Over in EnrollmentWeb.log, everything seems OK...
Found user credential in the message header for bpsd\amalcolm_ad Enrollment 12/3/2014 3:04:20 PM 7 (0x0007)
Forward client request Enrollment 12/3/2014 3:04:20 PM 7 (0x0007)
Forward server response Enrollment 12/3/2014 3:04:21 PM 7 (0x0007)

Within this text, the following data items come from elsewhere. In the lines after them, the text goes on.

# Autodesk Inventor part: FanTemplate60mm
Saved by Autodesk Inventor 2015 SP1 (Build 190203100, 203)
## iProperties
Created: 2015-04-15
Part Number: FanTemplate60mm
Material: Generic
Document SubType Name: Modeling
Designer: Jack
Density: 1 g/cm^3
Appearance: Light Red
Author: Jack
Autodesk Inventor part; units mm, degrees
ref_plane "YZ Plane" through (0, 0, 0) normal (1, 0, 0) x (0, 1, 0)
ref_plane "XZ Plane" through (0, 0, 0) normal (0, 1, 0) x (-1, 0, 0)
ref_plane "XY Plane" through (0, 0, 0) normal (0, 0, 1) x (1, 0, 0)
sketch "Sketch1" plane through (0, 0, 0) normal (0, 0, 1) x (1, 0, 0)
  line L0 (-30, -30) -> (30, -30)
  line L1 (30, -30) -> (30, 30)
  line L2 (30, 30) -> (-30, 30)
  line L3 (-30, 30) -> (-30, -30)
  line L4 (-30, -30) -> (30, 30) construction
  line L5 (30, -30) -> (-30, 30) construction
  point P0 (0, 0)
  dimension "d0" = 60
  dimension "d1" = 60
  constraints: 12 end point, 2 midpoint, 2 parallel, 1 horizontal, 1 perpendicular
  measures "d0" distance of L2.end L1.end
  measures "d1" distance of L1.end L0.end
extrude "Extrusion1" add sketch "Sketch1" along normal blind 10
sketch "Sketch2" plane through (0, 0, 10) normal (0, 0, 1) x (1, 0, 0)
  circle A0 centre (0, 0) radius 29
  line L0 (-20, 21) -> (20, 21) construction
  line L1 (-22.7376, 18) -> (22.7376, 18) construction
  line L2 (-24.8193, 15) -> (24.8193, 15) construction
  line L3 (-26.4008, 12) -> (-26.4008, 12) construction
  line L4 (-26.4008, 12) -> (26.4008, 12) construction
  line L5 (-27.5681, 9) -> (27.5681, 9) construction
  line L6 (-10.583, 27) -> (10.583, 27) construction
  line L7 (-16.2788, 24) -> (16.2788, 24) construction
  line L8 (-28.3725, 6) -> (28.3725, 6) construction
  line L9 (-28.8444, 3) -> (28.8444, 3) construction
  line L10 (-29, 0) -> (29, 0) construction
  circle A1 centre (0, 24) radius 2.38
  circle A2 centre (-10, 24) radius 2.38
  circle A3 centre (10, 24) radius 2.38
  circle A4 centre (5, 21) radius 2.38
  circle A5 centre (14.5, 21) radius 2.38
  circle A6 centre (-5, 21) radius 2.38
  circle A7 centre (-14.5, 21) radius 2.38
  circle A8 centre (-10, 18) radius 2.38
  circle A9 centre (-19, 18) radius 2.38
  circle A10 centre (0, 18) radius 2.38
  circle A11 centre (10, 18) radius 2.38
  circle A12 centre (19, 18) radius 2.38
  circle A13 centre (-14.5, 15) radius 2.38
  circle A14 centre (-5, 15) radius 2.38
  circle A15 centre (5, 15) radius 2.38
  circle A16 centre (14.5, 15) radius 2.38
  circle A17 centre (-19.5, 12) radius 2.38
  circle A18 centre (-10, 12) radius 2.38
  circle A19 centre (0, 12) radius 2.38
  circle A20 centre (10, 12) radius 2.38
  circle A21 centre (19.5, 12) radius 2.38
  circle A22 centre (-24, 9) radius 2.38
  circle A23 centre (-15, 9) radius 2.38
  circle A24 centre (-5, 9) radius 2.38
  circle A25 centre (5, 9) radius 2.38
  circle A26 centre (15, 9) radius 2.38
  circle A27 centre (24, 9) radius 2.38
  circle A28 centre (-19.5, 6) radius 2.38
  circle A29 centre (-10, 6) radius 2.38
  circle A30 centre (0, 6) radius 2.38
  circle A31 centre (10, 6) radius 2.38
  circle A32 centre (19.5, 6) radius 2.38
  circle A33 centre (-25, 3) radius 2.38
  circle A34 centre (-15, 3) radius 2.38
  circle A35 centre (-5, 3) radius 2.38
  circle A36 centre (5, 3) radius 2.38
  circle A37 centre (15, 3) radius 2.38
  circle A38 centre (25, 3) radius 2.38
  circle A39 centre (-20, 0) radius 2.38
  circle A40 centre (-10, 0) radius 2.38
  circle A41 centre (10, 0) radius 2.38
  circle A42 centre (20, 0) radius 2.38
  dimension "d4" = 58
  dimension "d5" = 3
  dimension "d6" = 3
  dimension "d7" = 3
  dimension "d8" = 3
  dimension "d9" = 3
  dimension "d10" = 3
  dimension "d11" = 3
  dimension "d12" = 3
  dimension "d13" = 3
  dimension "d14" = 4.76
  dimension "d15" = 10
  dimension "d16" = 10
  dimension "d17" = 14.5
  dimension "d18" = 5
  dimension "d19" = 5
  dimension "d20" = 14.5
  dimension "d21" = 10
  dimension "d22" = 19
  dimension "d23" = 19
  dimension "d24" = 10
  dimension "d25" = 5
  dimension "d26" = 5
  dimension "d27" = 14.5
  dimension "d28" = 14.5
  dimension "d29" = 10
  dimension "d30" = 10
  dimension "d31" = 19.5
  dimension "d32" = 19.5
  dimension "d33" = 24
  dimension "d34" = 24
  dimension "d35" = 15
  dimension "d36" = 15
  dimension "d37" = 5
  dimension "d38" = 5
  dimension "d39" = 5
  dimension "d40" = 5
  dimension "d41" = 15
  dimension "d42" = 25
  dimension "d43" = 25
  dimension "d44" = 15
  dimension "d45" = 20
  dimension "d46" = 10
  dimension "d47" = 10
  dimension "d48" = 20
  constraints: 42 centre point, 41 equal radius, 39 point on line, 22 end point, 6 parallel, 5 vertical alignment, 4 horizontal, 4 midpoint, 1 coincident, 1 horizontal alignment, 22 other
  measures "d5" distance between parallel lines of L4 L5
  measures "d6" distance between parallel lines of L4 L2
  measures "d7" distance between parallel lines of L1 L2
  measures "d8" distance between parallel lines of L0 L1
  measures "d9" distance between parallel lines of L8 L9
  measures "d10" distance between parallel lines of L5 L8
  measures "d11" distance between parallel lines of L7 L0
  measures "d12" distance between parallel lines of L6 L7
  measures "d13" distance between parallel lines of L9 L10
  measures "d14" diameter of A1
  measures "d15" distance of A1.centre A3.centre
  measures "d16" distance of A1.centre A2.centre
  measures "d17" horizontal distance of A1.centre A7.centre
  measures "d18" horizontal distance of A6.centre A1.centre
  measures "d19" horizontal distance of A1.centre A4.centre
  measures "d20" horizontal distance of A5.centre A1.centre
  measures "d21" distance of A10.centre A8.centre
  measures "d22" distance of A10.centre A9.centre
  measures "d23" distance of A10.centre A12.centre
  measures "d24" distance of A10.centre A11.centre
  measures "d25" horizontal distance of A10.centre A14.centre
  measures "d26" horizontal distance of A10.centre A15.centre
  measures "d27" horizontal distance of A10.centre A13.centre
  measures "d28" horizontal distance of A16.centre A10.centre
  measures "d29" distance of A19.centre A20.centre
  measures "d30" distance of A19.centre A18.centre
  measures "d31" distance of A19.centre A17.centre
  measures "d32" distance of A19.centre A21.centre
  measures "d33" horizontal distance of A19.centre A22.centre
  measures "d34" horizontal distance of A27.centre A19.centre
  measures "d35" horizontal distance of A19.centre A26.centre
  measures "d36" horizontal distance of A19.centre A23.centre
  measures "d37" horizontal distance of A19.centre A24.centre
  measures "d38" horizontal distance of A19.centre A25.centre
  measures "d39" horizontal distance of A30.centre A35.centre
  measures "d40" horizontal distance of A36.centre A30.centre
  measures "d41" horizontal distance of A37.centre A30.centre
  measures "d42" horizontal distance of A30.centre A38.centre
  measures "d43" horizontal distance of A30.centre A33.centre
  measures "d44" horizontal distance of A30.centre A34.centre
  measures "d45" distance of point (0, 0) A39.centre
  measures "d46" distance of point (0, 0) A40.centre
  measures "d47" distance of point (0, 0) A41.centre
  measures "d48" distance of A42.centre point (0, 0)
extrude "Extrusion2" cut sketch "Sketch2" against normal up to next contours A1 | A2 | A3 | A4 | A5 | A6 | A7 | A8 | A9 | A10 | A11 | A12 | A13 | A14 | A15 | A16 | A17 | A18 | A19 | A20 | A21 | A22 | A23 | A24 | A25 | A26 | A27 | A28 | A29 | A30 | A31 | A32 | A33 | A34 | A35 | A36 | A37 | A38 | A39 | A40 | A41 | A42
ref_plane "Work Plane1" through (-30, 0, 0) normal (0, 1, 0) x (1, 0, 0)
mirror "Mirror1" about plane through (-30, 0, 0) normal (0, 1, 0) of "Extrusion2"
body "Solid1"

So ultimately, the agents seem to be working - client log files record screen lock / user logon activity and generally seem OK from the skimpy logs that are created by mac clients, but it's been hours and these devices still haven't shown up in Config Mgr - not as a Mobile Device or in devices or... anywhere. Both our bound to our AD Domain, and the Mac OS X 10.10 client - which has a computer account present in an OU that I have System Discovery configured to check - does appear in the console, but it shows 'No Client'.
So...I'm a little stumped here. Do Mac clients not record policy activity in a log somewhere? Can someone offer me some leads on where I should be looking for a problem?